Problem requirements:
Set down, exactly as written, the lines from the top of the data to the line that holds "Board: 2 copper", and omit the pictures.

--- START ---

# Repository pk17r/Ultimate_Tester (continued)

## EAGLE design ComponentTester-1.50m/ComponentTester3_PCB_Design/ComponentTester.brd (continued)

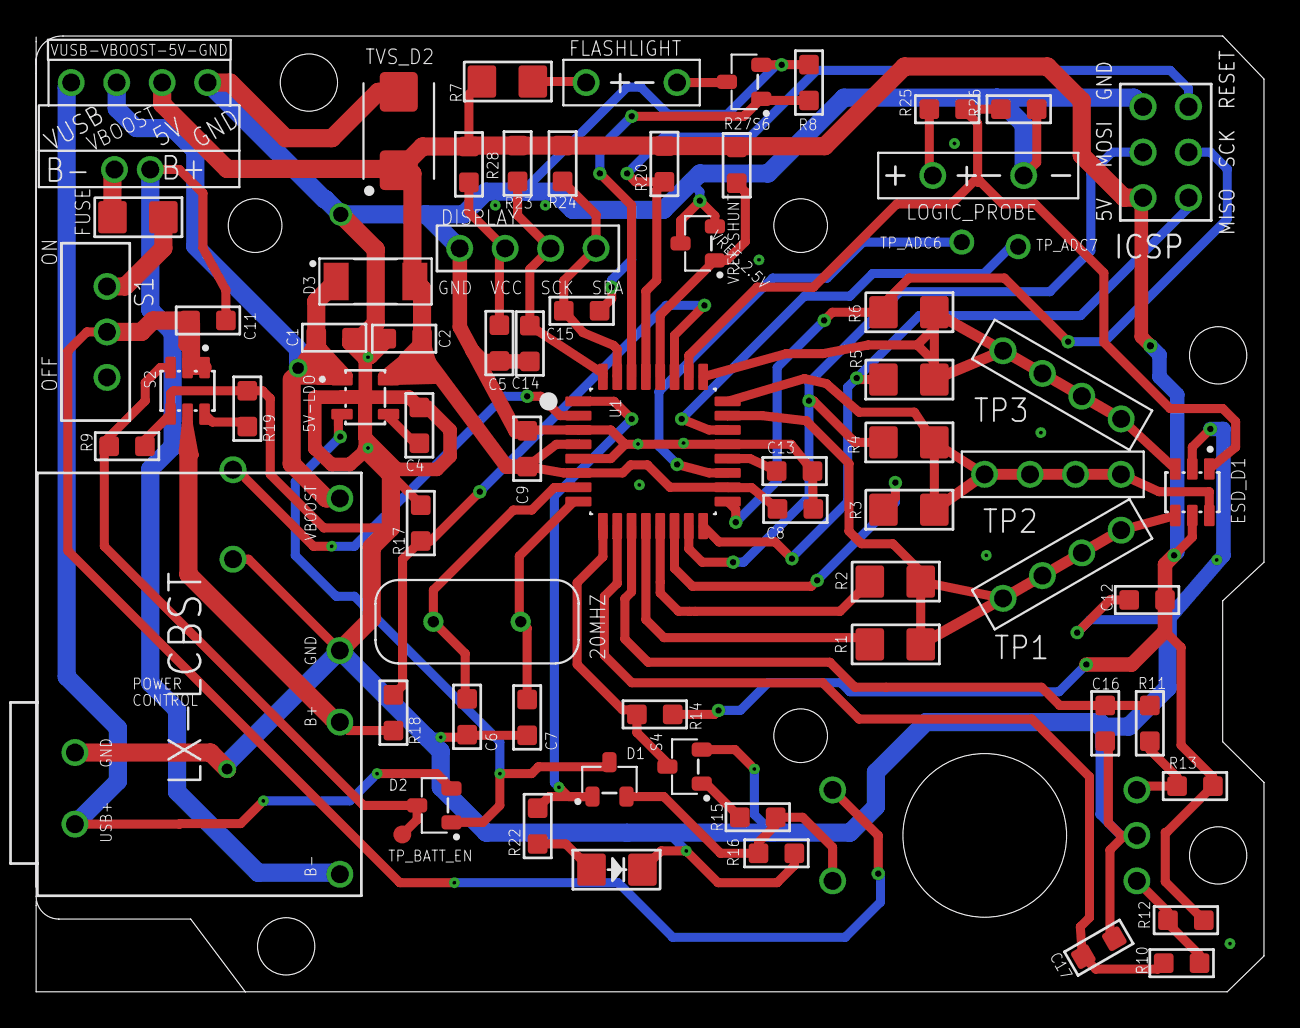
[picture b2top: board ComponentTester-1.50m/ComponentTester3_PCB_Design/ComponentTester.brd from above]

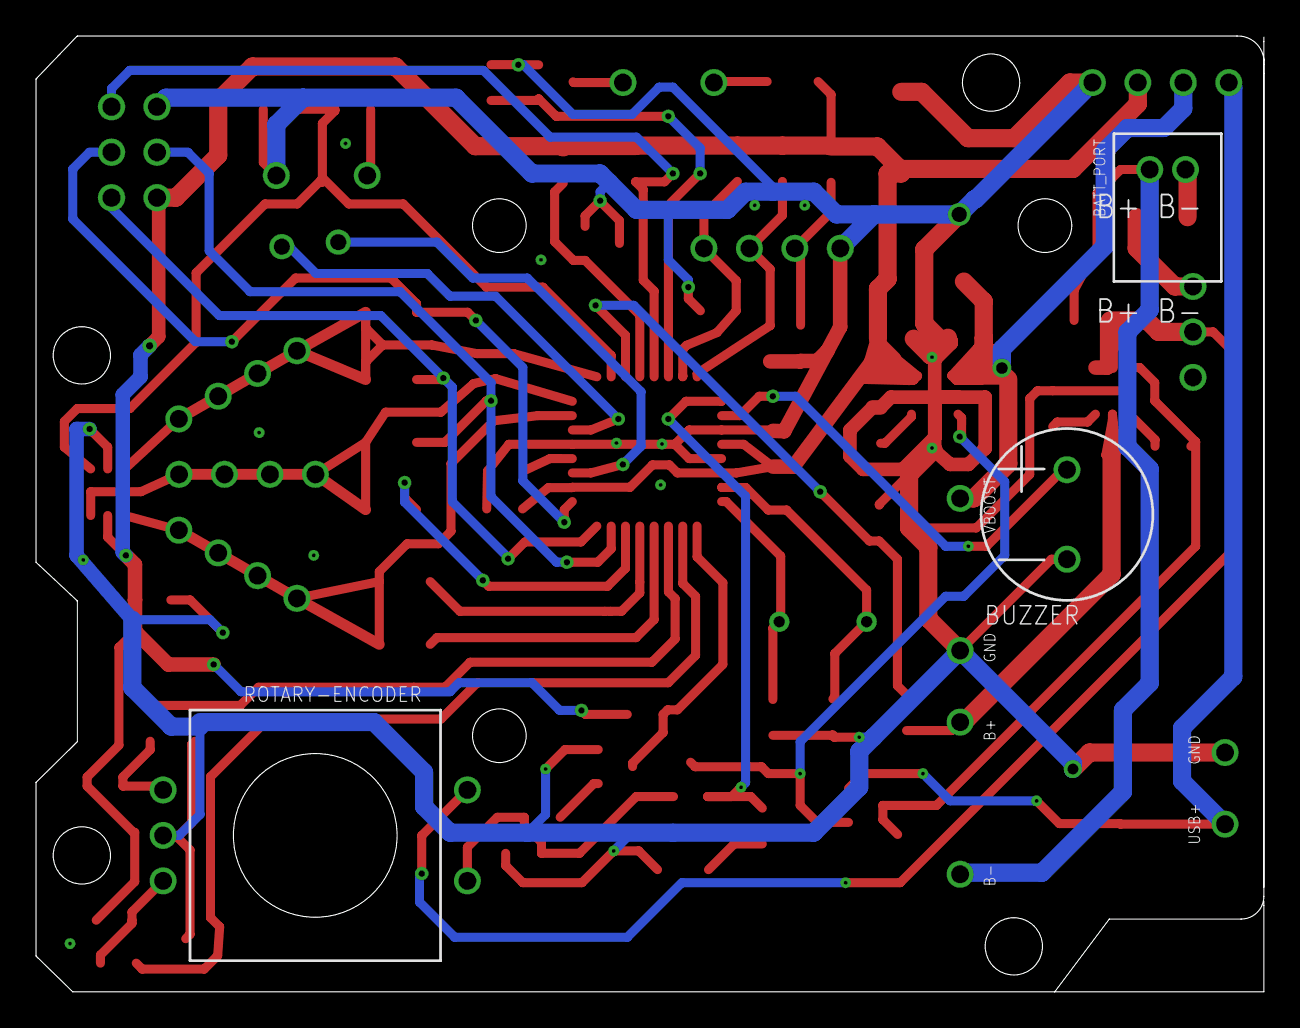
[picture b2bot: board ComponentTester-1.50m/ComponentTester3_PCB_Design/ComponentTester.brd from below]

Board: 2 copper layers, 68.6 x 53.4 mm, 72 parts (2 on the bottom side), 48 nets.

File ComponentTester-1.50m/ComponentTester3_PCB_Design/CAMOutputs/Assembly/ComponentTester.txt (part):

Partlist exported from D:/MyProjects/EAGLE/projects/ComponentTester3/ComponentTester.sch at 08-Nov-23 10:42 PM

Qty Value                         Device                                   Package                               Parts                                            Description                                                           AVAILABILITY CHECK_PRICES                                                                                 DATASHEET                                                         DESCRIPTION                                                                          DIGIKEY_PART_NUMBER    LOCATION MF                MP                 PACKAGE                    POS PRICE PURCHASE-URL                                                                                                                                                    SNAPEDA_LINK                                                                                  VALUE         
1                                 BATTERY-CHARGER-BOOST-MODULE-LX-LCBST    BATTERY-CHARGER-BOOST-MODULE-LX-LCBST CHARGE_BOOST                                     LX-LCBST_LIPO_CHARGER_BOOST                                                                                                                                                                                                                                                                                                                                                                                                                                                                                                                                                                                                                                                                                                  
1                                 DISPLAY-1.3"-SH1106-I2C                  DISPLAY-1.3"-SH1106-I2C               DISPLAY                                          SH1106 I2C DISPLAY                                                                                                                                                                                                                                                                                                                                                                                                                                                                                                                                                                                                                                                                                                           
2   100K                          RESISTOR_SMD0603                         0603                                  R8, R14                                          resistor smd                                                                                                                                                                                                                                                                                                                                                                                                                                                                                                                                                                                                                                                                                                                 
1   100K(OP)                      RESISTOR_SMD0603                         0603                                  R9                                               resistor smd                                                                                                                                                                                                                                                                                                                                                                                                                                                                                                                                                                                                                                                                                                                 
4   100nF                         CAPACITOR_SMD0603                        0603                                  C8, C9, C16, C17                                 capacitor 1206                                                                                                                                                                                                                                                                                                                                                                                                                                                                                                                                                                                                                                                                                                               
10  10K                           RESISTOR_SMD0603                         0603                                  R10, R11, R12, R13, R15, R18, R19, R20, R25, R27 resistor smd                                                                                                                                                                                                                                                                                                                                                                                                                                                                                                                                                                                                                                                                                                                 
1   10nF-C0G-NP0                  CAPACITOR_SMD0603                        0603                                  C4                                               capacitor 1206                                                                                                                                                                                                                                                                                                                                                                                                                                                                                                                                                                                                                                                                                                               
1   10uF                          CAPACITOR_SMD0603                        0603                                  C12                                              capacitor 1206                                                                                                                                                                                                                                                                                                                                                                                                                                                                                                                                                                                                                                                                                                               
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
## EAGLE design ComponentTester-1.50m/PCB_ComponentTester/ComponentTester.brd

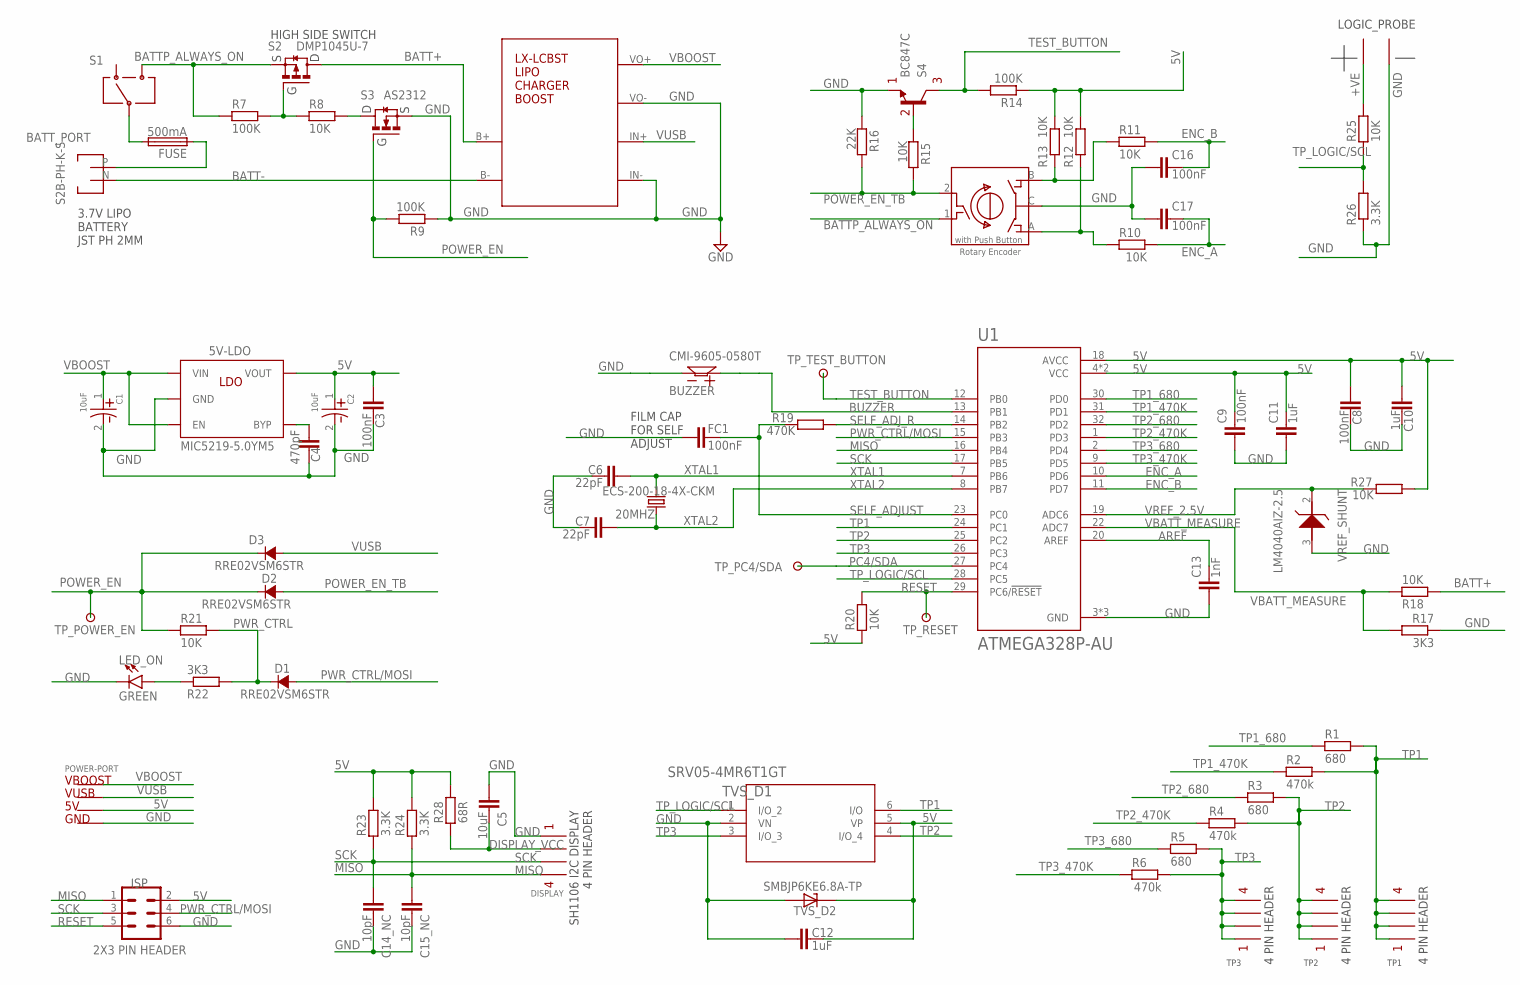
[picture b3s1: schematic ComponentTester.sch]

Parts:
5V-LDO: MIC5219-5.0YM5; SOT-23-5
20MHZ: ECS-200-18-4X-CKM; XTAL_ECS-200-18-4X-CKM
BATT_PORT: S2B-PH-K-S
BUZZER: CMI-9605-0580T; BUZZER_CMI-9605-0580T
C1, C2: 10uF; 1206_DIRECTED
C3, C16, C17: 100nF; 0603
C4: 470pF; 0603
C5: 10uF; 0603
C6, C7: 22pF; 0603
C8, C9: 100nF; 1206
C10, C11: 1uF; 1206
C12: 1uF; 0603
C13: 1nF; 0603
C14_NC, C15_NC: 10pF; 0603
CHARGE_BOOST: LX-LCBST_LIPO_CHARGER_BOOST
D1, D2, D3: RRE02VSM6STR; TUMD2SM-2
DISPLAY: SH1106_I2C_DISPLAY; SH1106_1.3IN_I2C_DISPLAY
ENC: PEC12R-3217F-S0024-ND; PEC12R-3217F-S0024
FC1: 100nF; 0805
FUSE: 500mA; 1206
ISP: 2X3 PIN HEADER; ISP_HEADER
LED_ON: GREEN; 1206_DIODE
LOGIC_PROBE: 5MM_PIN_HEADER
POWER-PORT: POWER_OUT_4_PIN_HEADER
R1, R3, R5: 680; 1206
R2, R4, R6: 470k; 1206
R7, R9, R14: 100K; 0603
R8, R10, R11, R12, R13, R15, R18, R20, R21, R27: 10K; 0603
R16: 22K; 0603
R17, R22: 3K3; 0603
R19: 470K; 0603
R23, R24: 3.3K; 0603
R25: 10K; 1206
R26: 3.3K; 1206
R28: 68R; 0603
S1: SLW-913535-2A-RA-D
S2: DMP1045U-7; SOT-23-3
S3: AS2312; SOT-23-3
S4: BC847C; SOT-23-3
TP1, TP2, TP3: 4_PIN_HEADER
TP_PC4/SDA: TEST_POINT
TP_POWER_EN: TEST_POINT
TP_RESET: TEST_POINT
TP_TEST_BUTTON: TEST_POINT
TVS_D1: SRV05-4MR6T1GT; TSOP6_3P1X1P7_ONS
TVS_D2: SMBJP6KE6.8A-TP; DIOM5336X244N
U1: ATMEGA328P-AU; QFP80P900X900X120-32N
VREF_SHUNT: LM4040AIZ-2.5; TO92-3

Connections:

--- END ---

Output of the exercise:
# Repository pk17r/Ultimate_Tester (continued)

## EAGLE design ComponentTester-1.50m/ComponentTester3_PCB_Design/ComponentTester.brd (continued)

[picture b2top: board ComponentTester-1.50m/ComponentTester3_PCB_Design/ComponentTester.brd from above]

[picture b2bot: board ComponentTester-1.50m/ComponentTester3_PCB_Design/ComponentTester.brd from below]

Board: 2 copper layers, 68.6 x 53.4 mm, 72 parts (2 on the bottom side), 48 nets.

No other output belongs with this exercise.